Your objective - The material below contains a line with "note: reset" and a line with "MATLAB Function1 : MATLAB". Copy exactly those two lines and all lines between them.

Exercise data -

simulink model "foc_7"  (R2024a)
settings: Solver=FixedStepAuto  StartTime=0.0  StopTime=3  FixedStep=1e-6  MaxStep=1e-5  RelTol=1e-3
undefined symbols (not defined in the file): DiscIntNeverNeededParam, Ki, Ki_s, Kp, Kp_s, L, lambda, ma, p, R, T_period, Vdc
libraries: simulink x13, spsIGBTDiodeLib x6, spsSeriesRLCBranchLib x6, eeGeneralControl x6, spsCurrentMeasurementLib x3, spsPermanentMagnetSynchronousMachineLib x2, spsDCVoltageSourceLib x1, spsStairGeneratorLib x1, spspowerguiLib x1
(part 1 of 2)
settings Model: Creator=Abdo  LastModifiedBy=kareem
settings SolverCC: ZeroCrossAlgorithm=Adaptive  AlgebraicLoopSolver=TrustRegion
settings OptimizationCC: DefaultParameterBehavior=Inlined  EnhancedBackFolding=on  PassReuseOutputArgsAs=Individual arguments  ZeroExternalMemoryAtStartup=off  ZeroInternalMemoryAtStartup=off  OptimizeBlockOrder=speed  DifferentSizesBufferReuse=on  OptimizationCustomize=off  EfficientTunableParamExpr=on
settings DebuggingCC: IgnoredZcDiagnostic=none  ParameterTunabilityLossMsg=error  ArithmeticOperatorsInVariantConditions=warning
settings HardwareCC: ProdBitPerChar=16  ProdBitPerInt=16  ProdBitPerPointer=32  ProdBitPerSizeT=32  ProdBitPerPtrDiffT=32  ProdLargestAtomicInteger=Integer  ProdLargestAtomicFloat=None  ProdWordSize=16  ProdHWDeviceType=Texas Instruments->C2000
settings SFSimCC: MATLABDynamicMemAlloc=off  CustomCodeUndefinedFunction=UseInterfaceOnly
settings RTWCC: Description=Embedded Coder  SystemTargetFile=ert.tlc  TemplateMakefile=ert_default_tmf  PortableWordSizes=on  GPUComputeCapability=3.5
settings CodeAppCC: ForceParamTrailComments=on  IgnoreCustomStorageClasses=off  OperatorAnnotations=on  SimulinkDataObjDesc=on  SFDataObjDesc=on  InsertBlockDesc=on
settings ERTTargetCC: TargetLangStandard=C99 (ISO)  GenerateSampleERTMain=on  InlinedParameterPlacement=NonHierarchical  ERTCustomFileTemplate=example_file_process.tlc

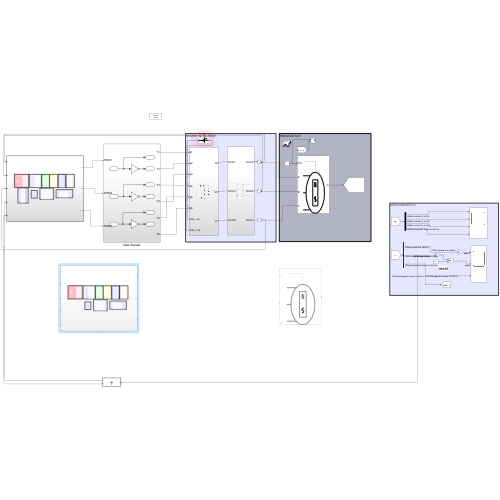
[thumbnail: Simulink's stored preview of the top-level diagram]
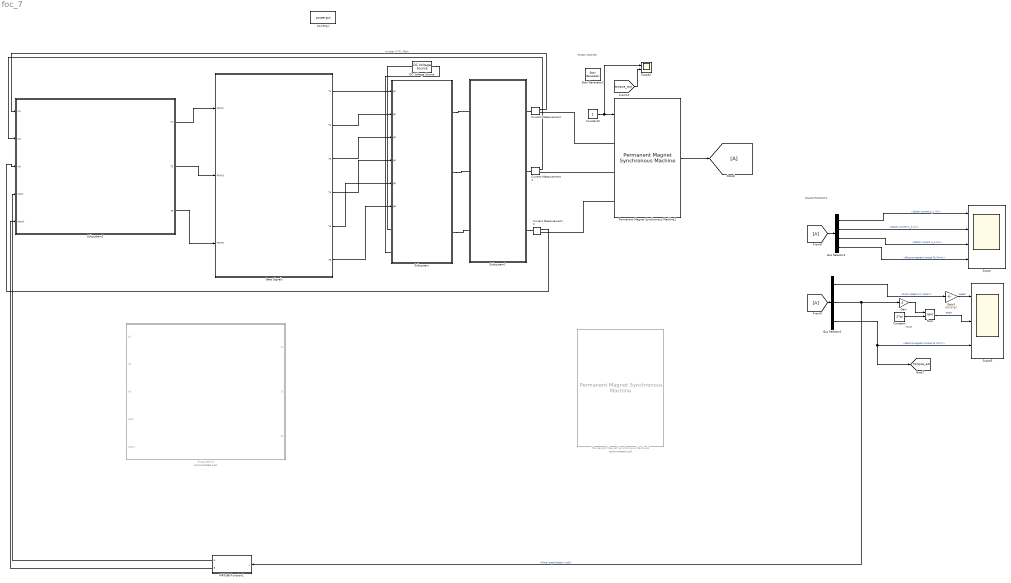
== system foc_7 ==
  note: MEASUREMENTS
  note: PMSM MOTOR
  note: inveter & RL filter
  note: reset
  Bus Selector1 : BusSelector  OutputSignals=Stator current is_c (A),Stator current is_b (A),Stator current is_a (A),Electromagnetic torque Te (N*m)
  Bus Selector2 : BusSelector  OutputSignals=Rotor speed wm (rad/s),Rotor angle thetam (rad),Electromagnetic torque Te (N*m)
  Constant : Constant  Value=2*pi
  Constant3 : Constant
  Current Measurement : spsCurrentMeasurementLib/Current Measurement  PhasorSimulation=off  OutputType=Complex  PSBequivalent=0
  Current Measurement1 : spsCurrentMeasurementLib/Current Measurement  PhasorSimulation=off  OutputType=Complex  PSBequivalent=0
  Current Measurement2 : spsCurrentMeasurementLib/Current Measurement  PhasorSimulation=off  OutputType=Complex  PSBequivalent=0
  DC Voltage Source : spsDCVoltageSourceLib/DC Voltage Source  Amplitude=Vdc  Measurements=None
  From8 : From
  From9 : From
  Gain : Gain  Gain=4
  Gain3 : Gain  Gain=60/(2*pi)
  Gate Signals : Subsystem
  Goto8 : Goto
  MATLAB Function1 : MATLAB Function  TreatAsAtomicUnit=on
  Permanent Magnet Synchronous Machine1 : spsPermanentMagnetSynchronousMachineLib/Permanent Magnet Synchronous Machine  NbPhases=3  FluxDistribution=Sinusoidal  RotorType=Round  MechanicalLoad=Torque Tm  PresetModel=No  ShowDetailedParameters=on  MeasurementBus=off  Resistance=2.9  Inductance=8.5e-3  dqInductances=[8.5e-3,8.5e-3]  La=0.0124  MachineConstant=Flux linkage established by magnets (V.s)  Flux=0.37/3  VoltageCst=89.4808  TorqueCst=0.74  Flat=120  Mechanical=[0.000026 0.000955 4 0.03]  PolePairs=4  InitialConditions=[0,0, 0,0]  InitialConditions5ph=[0 0 0 0 0 0]  RefAngle=Aligned with phase A axis (original Park)  IterativeDiscreteModel=Backward Euler robust  TsBlock=-1  TsPowergui=0
  Permanent Magnet Synchronous Machine3 : spsPermanentMagnetSynchronousMachineLib/Permanent Magnet Synchronous Machine  Commented=on  NbPhases=3  FluxDistribution=Sinusoidal  RotorType=Round  MechanicalLoad=Torque Tm  PresetModel=No  ShowDetailedParameters=on  MeasurementBus=off  Resistance=R  Inductance=8.5e-3  dqInductances=[8.5e-3,8.5e-3]  La=L  MachineConstant=Flux linkage established by magnets (V.s)  Flux=lambda  VoltageCst=62.5906  TorqueCst=0.51762  Flat=120  Mechanical=[0.000026 0.000955 4 0.03]  PolePairs=8  InitialConditions=[0 0 0 0]  InitialConditions5ph=[0 0 0 0 0 0]  RefAngle=Aligned with phase A axis (original Park)  IterativeDiscreteModel=Backward Euler robust  TsBlock=-1  TsPowergui=0
  Rem : Math  Operator=rem  SignedPower=on
  Scope : Scope  NumInputPorts=4
  Scope2 : Scope  NumInputPorts=2
  Scope5 : Scope  NumInputPorts=3
  Stair Generator2 : spsStairGeneratorLib/Stair Generator  t=[0 0.15 0.3 0.5 0.75 1 2 2.5]  e=[0 0.5 1 2 2.7 0.5 4 6]  Ts=0
  Subsystem : Subsystem
  Subsystem1 : Subsystem
  Subsystem2 : Subsystem  TreatAsAtomicUnit=on
  Subsystem3 : Subsystem  Commented=on  TreatAsAtomicUnit=on
  powergui : spspowerguiLib/powergui  Priority=1  SimulationMode=Discrete  SampleTime=1e-6  frequency=60  Iterations=50  frequencyindice=0  Pbase=100e6  ErrMax=1e-4  UnitsV=kV  UnitsW=MW  buscounter=0  FunctionMessages=off  echomessages=off  EnableUseOfTLC=off  CurrentSourceSwitches=off  DisableSnubberDevices=off  DisableRonSwitches=off  DisableVfSwitches=off  DisplayEquations=off  AutomaticDiscreteSolvers=off  SolverType=Tustin/Backward Euler (TBE)  Interpol=off  ExternalGateDelay=off  methode=off  Ts=100  x0status=blocks  SPID=on  SwTol=0  HookPort=off  NonlinearTolerance=1e-4  nMaxIteration=100  ContinueOnMaxIteration=off  RestoreLinks=warning  ResistiveCurrentMeasurement=off  Frange=[0:2:500]  Ylog=off  Xlog=on  ShowGrid=off  save=off  variable=ZData  structure=0  ZoomFFT=off  StartTime=0.0  cycles=1  DisplayStyle=1  fundamental=60  FreqAxis=off  MaxFrequency=1000  frequencyindicesteady=1  RmsSteady=1  display=off
  tag scope: torque_act=global
  wires:
  Gain/1 -> Rem/1
  Current Measurement2/1 -> Subsystem2/3(In3)
  Current Measurement1/1 -> Subsystem2/2(In2)
  Current Measurement/1 -> Subsystem2/1(In1)
  Bus Selector2/2 -> MATLAB Function1/1(u), Gain/1  "<Rotor angle thetam (rad)>"
  Constant/1 -> Rem/2
  Rem/1 -> Scope5/2  "angle"
  Permanent Magnet Synchronous Machine1/1 -> Goto8/1
  Bus Selector2/1 -> Gain3/1  "<Rotor speed wm (rad/s)>"
  Bus Selector1/1 -> Scope/1  "<Stator current is_c (A)>"
  Bus Selector1/2 -> Scope/2  "<Stator current is_b (A)>"
  Bus Selector1/3 -> Scope/3  "<Stator current is_a (A)>"
  Bus Selector1/4 -> Scope/4  "<Electromagnetic torque Te (N*m)>"
  Gain3/1 -> Scope5/1  "speed"
  Bus Selector2/3 -> [torque_act], Scope5/3  "<Electromagnetic torque Te (N*m)>"
  From8/1 -> Bus Selector1/1
  From9/1 -> Bus Selector2/1
  Constant3/1 -> Permanent Magnet Synchronous Machine1/1, Scope2/1
  [torque_act] -> Scope2/2
  MATLAB Function1/1(A) -> Subsystem2/4(Input)
  MATLAB Function1/2(B) -> Subsystem2/5(Input1)
  Gate Signals/1(T1) -> Subsystem/1(g1)
  Gate Signals/2(T2) -> Subsystem/2(g2)
  Gate Signals/3(T3) -> Subsystem/3(g3)
  Gate Signals/4(T4) -> Subsystem/4(g4)
  Gate Signals/5(T5) -> Subsystem/5(g5)
  Gate Signals/6(T6) -> Subsystem/6(g6)
  Subsystem2/1(T1) -> Gate Signals/1(PWM1)
  Subsystem2/2(T3) -> Gate Signals/2(PWM3)
  Subsystem2/3(T5) -> Gate Signals/3(PWM5)
  connections:
  Permanent Magnet Synchronous Machine1/LConn1 -- Current Measurement/RConn1
  Subsystem/LConn1 -- DC Voltage Source/LConn1
  Permanent Magnet Synchronous Machine1/LConn2 -- Current Measurement1/RConn1
  DC Voltage Source/RConn1 -- Subsystem/LConn2
  Permanent Magnet Synchronous Machine1/LConn3 -- Current Measurement2/RConn1
  Subsystem/RConn1 -- Subsystem1/LConn1
  Subsystem1/RConn1 -- Current Measurement/LConn1
  Subsystem/RConn2 -- Subsystem1/LConn2
  Subsystem1/RConn2 -- Current Measurement1/LConn1
  Subsystem1/RConn3 -- Current Measurement2/LConn1
  Subsystem/RConn3 -- Subsystem1/LConn3

== system foc_7/Gate Signals ==
  PWM1 : Inport
  PWM3 : Inport  Port=2
  PWM5 : Inport  Port=3
  NOT : Logic  Operator=NOT  IconShape=distinctive  AllPortsSameDT=off  OutDataTypeStr=boolean
  NOT1 : Logic  Operator=NOT  IconShape=distinctive  AllPortsSameDT=off  OutDataTypeStr=boolean
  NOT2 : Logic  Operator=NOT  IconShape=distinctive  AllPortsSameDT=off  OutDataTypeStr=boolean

Exercise solution -
  note: reset
  Bus Selector1 : BusSelector  OutputSignals=Stator current is_c (A),Stator current is_b (A),Stator current is_a (A),Electromagnetic torque Te (N*m)
  Bus Selector2 : BusSelector  OutputSignals=Rotor speed wm (rad/s),Rotor angle thetam (rad),Electromagnetic torque Te (N*m)
  Constant : Constant  Value=2*pi
  Constant3 : Constant
  Current Measurement : spsCurrentMeasurementLib/Current Measurement  PhasorSimulation=off  OutputType=Complex  PSBequivalent=0
  Current Measurement1 : spsCurrentMeasurementLib/Current Measurement  PhasorSimulation=off  OutputType=Complex  PSBequivalent=0
  Current Measurement2 : spsCurrentMeasurementLib/Current Measurement  PhasorSimulation=off  OutputType=Complex  PSBequivalent=0
  DC Voltage Source : spsDCVoltageSourceLib/DC Voltage Source  Amplitude=Vdc  Measurements=None
  From8 : From
  From9 : From
  Gain : Gain  Gain=4
  Gain3 : Gain  Gain=60/(2*pi)
  Gate Signals : Subsystem
  Goto8 : Goto
  MATLAB Function1 : MATLAB Function  TreatAsAtomicUnit=on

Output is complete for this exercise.